Broccoli is very similar to, but quite distinct from, the Cauliflower, although its qualities are much the same (See also Bassicas and Cauliflower).  It is, however, much longer in maturing taking nearly twice as long to mature.

There are two main types of broccoli:

  1. Sprouting Broccoli – produces lots of side shoots.
  2. Heading Broccoli – produces one large head.

Seed may be sown in a seed box or outdoor seed bed, and the young plants transplanted as soon as large enough to handle. The heads should be ready for cutting about Autumn. Broccoli prefers a firm soil and may be grown in heavily matured ground from which a previous crop has been removed, and which has not been re-dug. The general treatment is exactly the same as that recommended for Cauliflower. Broccoli is a bad proposition for the Home Gardener, and it is very much better to stick to growing Cauliflowers which give quite as good, or very much better, results, in less time and with, perhaps, half as much work. Adam’s Early White and Veitch’s Self Protecting are two of the best varieties.

Alternatives to growing full headed Broccoli is to grow the multi-spear types such as Purple Sprouting Broccoli. It’s the ultimate cut and come gain vegetable, this broccoli keeps on producing for months!

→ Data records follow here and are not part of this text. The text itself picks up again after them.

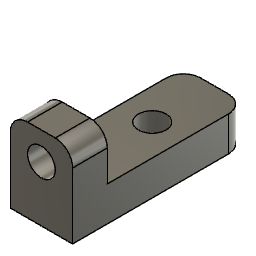
desk_krep (Autodesk Fusion 360 design; units mm, degrees)
Autodesk Fusion 360 part; units mm, degrees
sketch "Sketch1" plane through (0, 0, 0) normal (1, 0, 0) x (0, 0, -1)
  line L0 (0, 0) -> (-25, 0)
  line L1 (-25, 0) -> (-25, 11)
  line L2 (-25, 11) -> (-20, 11)
  line L3 (0, 5) -> (0, 0)
  line L4 (0, 0) -> (0, 5)
  line L5 (-20, 5) -> (-20, 11)
  line L6 (-20, 5) -> (0, 5)
  point P0 (0, 5)
  point P1 (-20, 11)
  point P2 (-20, 5)
  point P3 (-25, 11)
  point P4 (-25, 0)
  constraint horizontal L0
  constraint vertical L1
  constraint horizontal L2
  constraint vertical L3
  constraint coincident L0.start L3.end
  constraint perpendicular L0 L4
  constraint perpendicular L2 L5
  constraint perpendicular L4 L6
  constraint coincident P0 L3.start
  constraint coincident P1 L2.end
  constraint coincident P2 L5.start
  constraint coincident L1.end L2.start
  constraint coincident P4 L0.end
extrude "Extrude1" add sketch "Sketch1" along normal blind 9
sketch "Sketch2" plane through (0, 0, 20) normal (0, 0, -1) x (-1, 0, 0)
  line L0 (0, 5) -> (0, 11)
  line L1 (0, 11) -> (-9, 11)
  line L2 (-9, 11) -> (-9, 5)
  line L3 (-9, 5) -> (0, 5)
  circle A0 centre (-4.5, 8) radius 2
  dimension "d9" = 4
  dimension "d11" = 4.5
  measures "d9" diameter of A0
  measures "d11" horizontal distance of L1.end A0.centre
sketch "Sketch3" plane through (0, 5, 0) normal (0, 1, 0) x (-1, 0, 0)
  line L0 (0, 0) -> (0, 20)
  line L1 (0, 20) -> (-9, 20)
  line L2 (-9, 20) -> (-9, 0)
  line L3 (-9, 0) -> (0, 0)
  circle A0 centre (-4.5, 9) radius 2
  dimension "d12" = 4
  dimension "d14" = 4.5
  measures "d12" diameter of A0
  measures "d14" horizontal distance of L0.start A0.centre
extrude "Extrude2" cut sketch "Sketch3" against normal blind 13 contours A0
extrude "Extrude3" cut sketch "Sketch2" against normal blind 11 contours A0
fillet "Fillet1" radius 2.5 1 edges at (0, 2.5, 0)
fillet "Fillet2" radius 2.5 1 edges at (9, 2.5, 0)
extrude "Extrude4" add 1 faces at (6, 11, 23.3333) along direction (0, 1, 0) blind 1
fillet "Fillet3" radius 2.5 1 edges at (0, 12, 22.5)
fillet "Fillet4" radius 2.5 1 edges at (9, 12, 22.5)
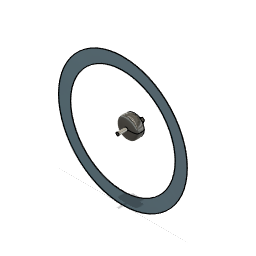
X8_7inch (Autodesk Fusion 360 archive; units mm, degrees)
design "EMAX ECO2 2807"
Autodesk Fusion 360 part; units mm, degrees
sketch "Skizze1" plane through (0, 0, 0) normal (0, 0, 1) x (1, 0, 0)
  circle A0 centre (0, 0) radius 9.5 construction
  line L0 (-6.7175, 6.7175) -> (6.7175, 6.7175) construction
  line L1 (6.7175, 6.7175) -> (6.7175, -6.7175) construction
  line L2 (6.7175, -6.7175) -> (-6.7175, -6.7175) construction
  line L3 (-6.7175, -6.7175) -> (-6.7175, 6.7175) construction
  line L4 (-6.7175, 6.7175) -> (6.7175, -6.7175) construction
  line L5 (6.7175, 6.7175) -> (-6.7175, -6.7175) construction
  circle A1 centre (-6.7175, 6.7175) radius 1.5
  circle A2 centre (6.7175, 6.7175) radius 1.5
  circle A3 centre (6.7175, -6.7175) radius 1.5
  circle A4 centre (-6.7175, -6.7175) radius 1.5
  circle A5 centre (0, 0) radius 17.5 construction
  line L6 (0, 17.5) -> (0, -17.5) construction
  line L7 (17.5, 0) -> (-17.5, 0) construction
  arc A6 (-9.5831, 14.6429) -> (9.5831, 14.6429) centre (0, 17.5) ccw
  arc A7 (14.6429, 9.5831) -> (14.6429, -9.5831) centre (17.5, 0) ccw
  arc A8 (9.5831, -14.6429) -> (-9.5831, -14.6429) centre (0, -17.5) ccw
  arc A9 (10.0071, 6.6225) -> (6.6225, 10.0071) centre (0, 0) ccw
  arc A10 (-14.6429, -9.5831) -> (-14.6429, 9.5831) centre (-17.5, 0) ccw
  arc A11 (-6.6225, 10.0071) -> (-10.0071, 6.6225) centre (0, 0) ccw
  arc A12 (-10.0071, -6.6225) -> (-6.6225, -10.0071) centre (0, 0) ccw
  arc A13 (6.6225, -10.0071) -> (10.0071, -6.6225) centre (0, 0) ccw
  circle A14 centre (0, 0) radius 5
  dimension "d1" = 19
  dimension "d2" = 3
  dimension "d3" = 35
  dimension "d4" = 20
  dimension "d5" = 10
  dimension "d6" = 12
  constraint coincident A0.centre A5.centre
  constraint horizontal L0
  constraint perpendicular L0 L1
  constraint parallel L0 L2
  constraint parallel L1 L3
  constraint coincident A0 L0.start
  constraint coincident L4 A0.centre
  constraint coincident L5 A0.centre
  constraint equal L0 L3
  constraint coincident L0.start L3.end
  constraint coincident L0.end L1.start
  constraint coincident L1.end L2.start
  constraint coincident L2.end L3.start
  constraint equal A1 A2
  constraint equal A1 A4
  constraint equal A2 A3
  constraint concentric A5 A11
  constraint coincident A5 L6.start
  constraint coincident A5 L6.end
  constraint vertical L6
  constraint coincident A5 L7.start
  constraint coincident A5 L7.end
  constraint coincident A0.centre L6
  constraint coincident A0.centre L7
  constraint horizontal L7
  constraint coincident L6.start A6.centre
  constraint coincident L7.start A7.centre
  constraint coincident L6.end A8.centre
  constraint coincident L7.end A10.centre
  constraint equal A6 A10
  constraint equal A6 A7
  constraint equal A7 A8
  constraint coincident A9.end A6
  constraint coincident A11.start A6
  constraint coincident A5 A6.end
  constraint coincident A5 A6.start
  constraint coincident A5 A7.end
  constraint coincident A5 A7.start
  constraint coincident A5 A8.end
  constraint coincident A5 A8.start
  constraint coincident A7 A13.end
  constraint concentric A9 A11
  constraint coincident A7 A9.start
  constraint coincident A5 A10.end
  constraint coincident A5 A10.start
  constraint coincident A10 A12.start
  constraint concentric A11 A12
  constraint coincident A10 A11.end
  constraint coincident A8 A12.end
  constraint concentric A12 A13
  constraint coincident A8 A13.start
  constraint equal A9 A11
  constraint equal A9 A13
  constraint equal A9 A12
  measures "d1" diameter of A0
  measures "d2" diameter of A1
  measures "d3" diameter of A5
  measures "d4" diameter of A6
  measures "d5" diameter of A14
  measures "d6" radius of A9
extrude "Extrusion1" add sketch "Skizze1" along normal blind 6.6 makes body 1
sketch "Skizze3" plane through (0, 0, 0) normal (0, 1, 0) x (1, 0, 0)
  line L0 (-5.2175, -6.6) -> (-8.2175, -6.6)
  line L1 (5, -6.6) -> (-5, -6.6)
  line L2 (-5.2175, -6.6) -> (-8.2175, -6.6)
  line L3 (8.2175, -6.6) -> (5.2175, -6.6)
  line L4 (8.2175, -6.6) -> (5.2175, -6.6)
  line L5 (-10.0071, -6.6) -> (-6.6225, -6.6)
  line L6 (6.6225, -6.6) -> (-6.6225, -6.6)
  line L7 (6.6225, -6.6) -> (10.0071, -6.6)
  line L8 (10.0071, -6.6) -> (7.5, -6.6)
  line L9 (6.6225, -6.6) -> (10.0071, -6.6)
  line L10 (6.6225, -6.6) -> (-6.6225, -6.6)
  line L11 (-10.0071, -6.6) -> (-6.6225, -6.6)
  line L12 (-7.5, -6.6) -> (-10.0071, -6.6)
  line L13 (0, -6.6) -> (16, -6.6)
  spline S0 degree 5 poles (16, -6.6) (16.0942, -6.8538) (16.2705, -7.3729) (16.4989, -8.1862) (16.7304, -9.3406) (16.9005, -10.8897) (16.9635, -12.5072) (16.9487, -14.1142) (16.9133, -15.5669) (16.7566, -16.8027) (16.327, -17.7989) (15.4656, -18.5655) (14.0873, -19.1268) (12.1784, -19.5153) (9.7678, -19.7663) (6.9097, -19.9143) (4.3131, -19.9741) (2.2133, -19.9953) (0.7486, -20) (0, -20) knots 0 0 0 0 0 0 0.066667 0.133333 0.2 0.266667 0.333333 0.4 0.466667 0.533333 0.6 0.666667 0.733333 0.8 0.866667 0.933333 1 1 1 1 1 1
  line L14 (0, -20) -> (0, -6.6)
  line L15 (4.1146, -20) -> (-4.1146, -20)
  line L16 (16.95, -10.2) -> (16.95, -16.2)
  point P0 (16.95, -13.2)
  point P1 (16, -18)
  dimension "d12" = 16.95
  dimension "d13" = 13.4
  dimension "d18" = 6.6
  dimension "d19" = 16
  dimension "d20" = 2
  constraint midpoint L10 L13.start
  constraint parallel L3 L13
  constraint perpendicular L1 L14
  constraint midpoint S0.end L15
  constraint horizontal L15
  constraint midpoint P0 L16
  constraint vertical L16
  constraint vertical L13.end P1
  measures "d12" distance of L14 L16
  measures "d13" distance of L13.start S0.end
  measures "d18" distance of L13 P0
  measures "d19" distance of L13.start L13.end
  measures "d20" distance of P1 S0.end
revolve "Drehen1" add sketch "Skizze3" angle 360 about axis through (0, 0, 20) along (0, 0, -1) bodies 1
sketch "Skizze4" plane through (0, 0, 6.6) normal (0, 0, -1) x (-1, 0, 0)
  circle A0 centre (0, 0) radius 5
  circle A1 centre (0, 0) radius 2.5
  dimension "d15" = 5
  constraint coincident A0.centre A1.centre
  measures "d15" diameter of A1
extrude "Extrusion3" add sketch "Skizze4" against normal blind 27.5 contours A1 bodies 1
ref_plane "Arbeitsebene1" through (0, 0, 25.1) normal (0, 0, 1) x (1, 0, 0)
sketch "Skizze6" plane through (0, 0, 25.1) normal (0, 0, 1) x (1, 0, 0)
  circle A0 centre (0, 0) radius 85.4
  circle A1 centre (0, 0) radius 105
  dimension "d22" = 210
  dimension "d23" = 170.8
  constraint coincident A0.centre A1.centre
  constraint concentric A0 A1
  measures "d22" diameter of A1
  measures "d23" diameter of A0
extrude "Extrusion5" add sketch "Skizze6" along normal blind 0.5 separate body makes body 2
equation "d12 = ( 33.9 / 2 ) * 1 mm"
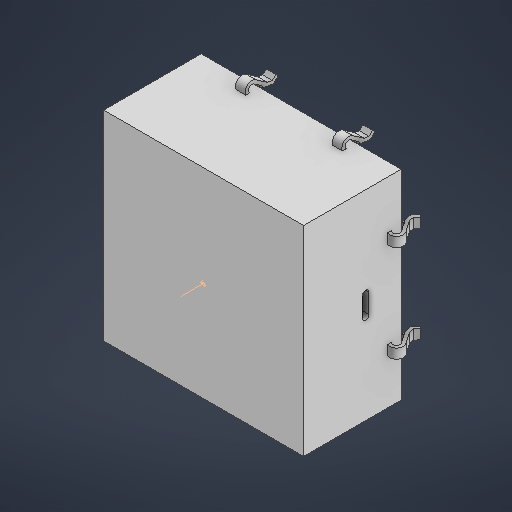
# Autodesk Inventor part: Top_part
Saved by Autodesk Inventor 2027 (Build 310192000, 192)
## iProperties
Created: 2026-04-01
Part Number: Top_part
Material: Generic
Document SubType Name: Modeling
Designer: thomas
Density: 1 g/cm^3
Appearance: Default
Author: thomas
Autodesk Inventor part; units mm, degrees
ref_plane "YZ Plane" through (0, 0, 0) normal (1, 0, 0) x (0, 1, 0)
ref_plane "XZ Plane" through (0, 0, 0) normal (0, 1, 0) x (-1, 0, 0)
ref_plane "XY Plane" through (0, 0, 0) normal (0, 0, 1) x (1, 0, 0)
ref_plane "Work Plane13" through (32.2002, -87.6795, 34.9894) normal (0, 0, 1) x (1, 0, 0)
sketch "Sketch8" plane through (32.2002, -87.6795, 34.9894) normal (0, 0, 1) x (1, 0, 0)
  line L0 (62, -62) -> (-62, -62)
  line L1 (-62, -62) -> (-62, 62)
  line L2 (-62, 62) -> (62, 62)
  line L3 (62, 62) -> (62, -62)
  line L4 (62, -62) -> (-62, 62) construction
  line L5 (-62, -62) -> (62, 62) construction
  line L6 (56, -56) -> (-56, -56)
  line L7 (-56, -56) -> (-56, 56)
  line L8 (-56, 56) -> (56, 56)
  line L9 (56, 56) -> (56, -56)
  line L10 (56, -56) -> (-56, 56) construction
  line L11 (-56, -56) -> (56, 56) construction
  point P0 (-32.2002, 87.6795)
  point P1 (0, 0)
  point P2 (0, 0)
  constraints: 24 end point, 5 midpoint, 5 parallel, 2 perpendicular, 1 horizontal
extrude "Extrusion1" add sketch "Sketch8" along normal blind 55
sketch "Sketch14" plane through (32.2002, -87.6795, 89.9894) normal (0, 0, 1) x (1, 0, 0)
  line L0 (-62, -62) -> (62, -62) projected
  line L1 (62, 62) -> (-62, 62) projected
  line L2 (62, -62) -> (-62, -62)
  line L3 (-62, -62) -> (-62, 62)
  line L4 (-62, 62) -> (62, 62)
  line L5 (62, 62) -> (62, -62)
  constraints: 8 end point, 2 parallel, 1 horizontal, 1 perpendicular
extrude "Extrusion2" add sketch "Sketch14" along normal blind 5.5
ref_plane "Work Plane8" through (32.2002, -149.6795, 34.9894) normal (-1, 0, 0) x (0, 0, 1)
ref_plane "Work Plane9" through (1.2002, -149.6795, 34.9894) normal (-1, 0, 0) x (0, 0, 1)
sketch "Sketch17" plane through (1.2002, -149.6795, 34.9894) normal (-1, 0, 0) x (0, 0, 1)
  line L0 (0, 0) -> (2.5493, -4.1672) construction
  arc A0 (2.5493, -4.1672) -> (6.5801, 0.8328) centre (4.5647, -1.6672) ccw
  line L1 (6.5801, 0.8328) -> (3.4598, 1.8328)
  line L2 (-19.9665, 21.2414) -> (-11.1433, 19.7708) construction
  line L3 (2.5493, -4.1672) -> (-4.6608, 0.8328)
  line L4 (-4.6608, 0.8328) -> (-8.4211, 1.4595)
  line L5 (-8.4211, 1.4595) -> (-11, -1)
  point P0 (-34.9894, 149.6795)
  constraints: 12 end point, 2 point on circle, 1 centre point
ref_plane "Work Plane15" through (1.2002, -150.6795, 23.9894) normal (0, -0.6901647, -0.7236523) x (1, 0, 0)
sketch "Sketch24" plane through (1.2002, -150.6795, 23.9894) normal (0, -0.6901647, -0.7236523) x (1, 0, 0)
  line L0 (3, -1) -> (-3, -1)
  line L1 (-3, -1) -> (-3, 1)
  line L2 (-3, 1) -> (3, 1)
  line L3 (3, 1) -> (3, -1)
  line L4 (3, -1) -> (-3, 1) construction
  line L5 (-3, -1) -> (3, 1) construction
  point P0 (-1.2002, -125.5962)
  point P1 (0, 0)
  point P2 (0, 0)
  constraints: 12 end point, 2 midpoint, 2 parallel, 1 coincident, 1 horizontal, 1 perpendicular
sweep "Sweep4" add profiles "Sketch24" path "Sketch17"
ref_plane "Work Plane16" through (-1.7998, -147.8972, 30.7143) normal (0, 0.164399, -0.9863939) x (-1, 0, 0)
sketch "Sketch26" plane through (-1.7998, -147.8972, 30.7143) normal (0, 0.164399, -0.9863939) x (-1, 0, 0)
  line L0 (0, 0) -> (-5.9818, 0)
  line L1 (-5.9818, 0) -> (-5.9818, -2.1725)
  line L2 (-5.9818, -2.1725) -> (0, -2.1725)
  line L3 (0, -2.1725) -> (0, 0)
  point P0 (-1.7998, 140.8355)
  constraints: 8 end point, 2 parallel, 1 horizontal, 1 perpendicular
extrude "Extrusion4" add sketch "Sketch26" against normal blind 2.5
sketch "Sketch25" plane through (-29.7998, -149.6795, 34.9894) normal (0, -1, 0) x (1, 0, 0)
  line L0 (56, 24) -> (68, 24)
  line L1 (68, 24) -> (68, 20)
  line L2 (68, 20) -> (56, 20)
  line L3 (56, 20) -> (56, 24)
  line L4 (56, 24) -> (68, 20) construction
  line L5 (68, 24) -> (56, 20) construction
  circle A0 centre (56, 22) radius 2
  circle A1 centre (68, 22) radius 2
  line L6 (62, -129.3185) -> (62, 92.1364) projected
  point P0 (29.7998, -34.9894)
  point P1 (62, 22)
  point P2 (56, 24)
  point P3 (56, 20)
  point P4 (68, 20)
  constraints: 12 end point, 4 midpoint, 2 centre point, 2 parallel, 1 horizontal, 1 perpendicular, 1 point on line
extrude "Extrusion3" cut sketch "Sketch25" against normal blind 6
pattern_circular "Circular Pattern4" count 4 over 360 about axis through (32.2002, -87.6795, 95.4894) along (0, 0, 1) of "Extrusion3"
sketch "Sketch27" plane through (-29.7998, -149.6795, 34.9894) normal (-1, 0, 0) x (0, 0, 1)
  line L0 (0, 124) -> (60.5, 124) projected
  line L1 (30.5, 124) -> (26.5, 124)
  line L2 (26.5, 124) -> (26.5, 69)
  line L3 (26.5, 69) -> (30.5, 69)
  line L4 (30.5, 69) -> (30.5, 124)
  line L5 (60.5, 124) -> (60.5, 0) projected
  line L6 (26.5, 69) -> (13.7708, 124)
  line L7 (26.5, 124) -> (13.7708, 124)
  point P0 (-34.9894, 149.6795)
  dimension "d51" = 4
  dimension "d52" = 30
  dimension "d53" = 55
  constraints: 12 end point, 2 parallel, 2 point on line, 1 collinear, 1 horizontal, 1 perpendicular
  measures "d51" distance of L3.end L2.end
  measures "d52" distance between parallel lines of L5 L4
  measures "d53" distance between parallel lines of L0 L3
extrude "Extrusion5" add sketch "Sketch27" against normal blind 75
pattern_linear "Rectangular Pattern7" count 2 spacing 60 along (1, 0, 0) of "Sweep4", "Extrusion4"
pattern_circular "Circular Pattern6" count 4 over 360 about axis through (32.2002, -87.6795, 95.4894) along (0, 0, 1) of "Sweep4", "Extrusion4", "Rectangular Pattern7"
body "Solid1"
body "Solid5"
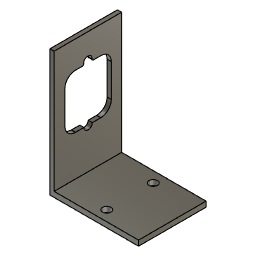
camera_support_angle_v4 (Autodesk Fusion 360 design; units mm, degrees)
Autodesk Fusion 360 part; units mm, degrees
sketch "Sketch1" plane through (0, 0, 0) normal (0, 0, 1) x (1, 0, 0)
  line L0 (-30.0236, 16) -> (9.9764, 16)
  line L1 (9.9764, 16) -> (9.9764, -16)
  line L2 (9.9764, -16) -> (-30.0236, -16)
  line L3 (-30.0236, -16) -> (-30.0236, 16)
  line L4 (-32, 16) -> (-30.0236, 16)
  line L5 (-30.0236, 16) -> (-30.0236, -16)
  line L6 (-30.0236, -16) -> (-32, -16)
  line L7 (-32, -16) -> (-32, 16)
  circle A0 centre (-5.1148, 11.0232) radius 2
  circle A1 centre (-5.0484, -11.0135) radius 2
  line L8 (-0.0236, 28) -> (-0.0236, -28) construction
  circle A2 through (77, 11, 2.5) (74, 12.7321, 2.5) (74, 9.2679, 2.5)
  circle A3 through (77, -11, 2.5) (74, -9.2679, 2.5) (74, -12.7321, 2.5)
  line L9 (-36, 11) -> (79, 11) construction
  line L10 (-36, -11) -> (79, -11) construction
  dimension "d1" = 40
  dimension "d2" = 4
  dimension "d5" = 4
  dimension "d45" = 30
  constraint vertical L1
  constraint horizontal L2
  constraint vertical L3
  constraint vertical L5
  constraint vertical L7
  constraint perpendicular L0 L8
  constraint perpendicular L8 L9
  constraint perpendicular L7 L10
  measures "d1" distance of L1.end L2.end
  measures "d2" diameter of A0
  measures "d5" diameter of A1
  measures "d45" distance of L5 L8
extrude "Extrude1" add sketch "Sketch1" along normal blind 2.5
extrude "Extrude2" add sketch "Sketch1" along normal blind 60 contours L3 L4 L5 L6 L7
sketch "Sketch2" plane through (0, 0, 0) normal (1, 0, 0) x (0, 1, 0)
  line L0 (0.1131, -9) -> (0.1131, 42.4658) construction
  line L1 (16.5, 8.5) -> (-22, 8.5) construction
  line L2 (20, 35.1684) -> (-25, 35.1684)
  line L3 (19, 5) -> (-25, 5) construction
  line L4 (11.1131, -9) -> (11.1131, 42.4658) construction
  line L5 (-10.8869, -9) -> (-10.8869, 42.1284) construction
  line L6 (-2.4755, 47.1284) -> (-5.8869, 47.1284)
  line L7 (-10.8868, 47.5935) -> (-10.8868, 26.6406)
  line L8 (-5.8868, 21.6406) -> (6.113, 21.6406)
  line L9 (11.113, 26.6406) -> (11.113, 42.1284)
  arc A0 (11.113, 42.1284) -> (6.113, 47.1284) centre (6.113, 42.1284) ccw
  arc A1 (6.113, 21.6406) -> (11.113, 26.6406) centre (6.113, 26.6406) ccw
  arc A2 (-10.8868, 26.6406) -> (-5.8868, 21.6406) centre (-5.8868, 26.6406) ccw
  arc A3 (-5.8869, 47.1284) -> (-10.8869, 42.1284) centre (-5.8869, 42.1284) ccw
  circle A4 centre (0.1131, 21.6406) radius 2
  line L10 (-14, 0) -> (32, 0) construction
  arc A5 (1.9721, 47.7045) -> (-1.9813, 47.7045) centre (-0.0046, 48.009) ccw
  arc A6 (-2.4755, 47.1284) -> (-1.9813, 47.7045) centre (-2.4755, 47.6284) ccw
  line L11 (6.113, 47.1284) -> (2.4662, 47.1284)
  arc A7 (1.9721, 47.7045) -> (2.4662, 47.1284) centre (2.4662, 47.6284) ccw
  dimension "d10" = 11
  dimension "d13" = 5
  dimension "d16" = 5
  dimension "d40" = 4
  dimension "d48" = 11.9998
  dimension "d50" = 0.5
  dimension "d51" = 0.5
  constraint vertical L0
  constraint horizontal L1
  constraint perpendicular L0 L2
  constraint parallel L1 L3
  constraint horizontal L6
  constraint vertical L7
  constraint horizontal L8
  constraint vertical L9
  constraint tangent L6 A0
  constraint tangent L9 A0
  constraint tangent L8 A1
  constraint tangent L9 A1
  constraint equal A0 A1
  constraint tangent L7 A2
  constraint tangent L8 A2
  constraint equal A0 A2
  constraint tangent L6 A3
  constraint tangent L5 A3
  constraint midpoint L8 A4.centre
  constraint perpendicular L5 L10
  constraint tangent A5 A6
  constraint tangent L6 A6
  constraint tangent A0 L11
  constraint tangent L11 A7
  constraint tangent A5 A7
  measures "d13" radius of A0
  measures "d16" radius of A3
  measures "d40" diameter of A4
  measures "d48" distance of L8.end L8.start
  measures "d50" radius of A6
  measures "d51" radius of A7
extrude "Extrude3" cut sketch "Sketch2" against normal blind 45 contours L2 L7 L8 L9 A1 A2 A4 | L2 L6 L7 L9 A0 A3 A5 A6 L11 A7 | L8 A4 picked at (0.6018, 22.094)
sketch "Sketch3" plane through (0, 0, 2.5) normal (0, 0, 1) x (-1, 0, 0)
  line L0 (30.0236, -16) -> (30.0236, 16)
  line L1 (30.0236, 16) -> (-9.9764, 16)
  line L2 (-9.9764, 16) -> (-9.9764, -16)
  line L3 (-9.9764, -16) -> (30.0236, -16)
  circle A0 centre (5.1148, -11.0232) radius 2
  circle A1 centre (5.0484, 11.0135) radius 2
  line L4 (-9.9764, 16) -> (-9.9764, -16)
  constraint vertical L4
  constraint coincident L2.end L3.start
extrude "Extrude4" add sketch "Sketch3" against normal blind 2.5 contours L0 L1 L2 L3 L4 | A0 | A1
hole "Hole2" at (75, 11, 2.5) direction (0, 0, -1) diameter 4 depth 40 tip angle 180
hole "Hole3" at (75, -11, 2.5) direction (0, 0, -1) diameter 4 depth 40 tip angle 180
hole "Hole4" at (-9.9934, 10.9168, 2.5) direction (0, 0, -1) diameter 4 depth 40 tip angle 180
hole "Hole5" at (-10.0059, -11.0767, 2.5) direction (0, 0, -1) diameter 4 depth 40 tip angle 180
extrude "Extrude6" cut sketch "Sketch2" against normal blind 80 contours L2 L6 L7 L9 A0 A3 A5 A6 L11 A7 | L8 A4 picked at (-0.3756, 21.1871)
extrude "Extrude5" [suppressed]

Broccoli pests include birds and cabbage caterpillars, which love to eat the leaves on broccoli plants. Spray the plant with a natural insecticide spray or protect with netting.

Soil issues with Broccoli include clubroot which causes the plant to wilt. To avoid this from happening implement crop rotation, where brassicas are grown in different garden beds each year.

Broccoli flowers if left too long or not given enough water broccoli will start to flower or go to seed, they’re edible but they’ll taste bitter.

Purple Sprouting Broccoli

Highly recommended for it’s young tender heads and super cut and come again qualities. It also looks good!

Romanesco Broccoli

The Romanesco Broccoli is a stunner in the garden! Tt has a firmer texture and delicate, nutty flavor. Its spiral almost geometric appearance makes it an appealing addition to the veggie patch.

Heirloom Broccoli

Heirloom broccoli has succulent, sweet stems and easy harvest heads which once cut, will send out side shoots and keep on producing for months.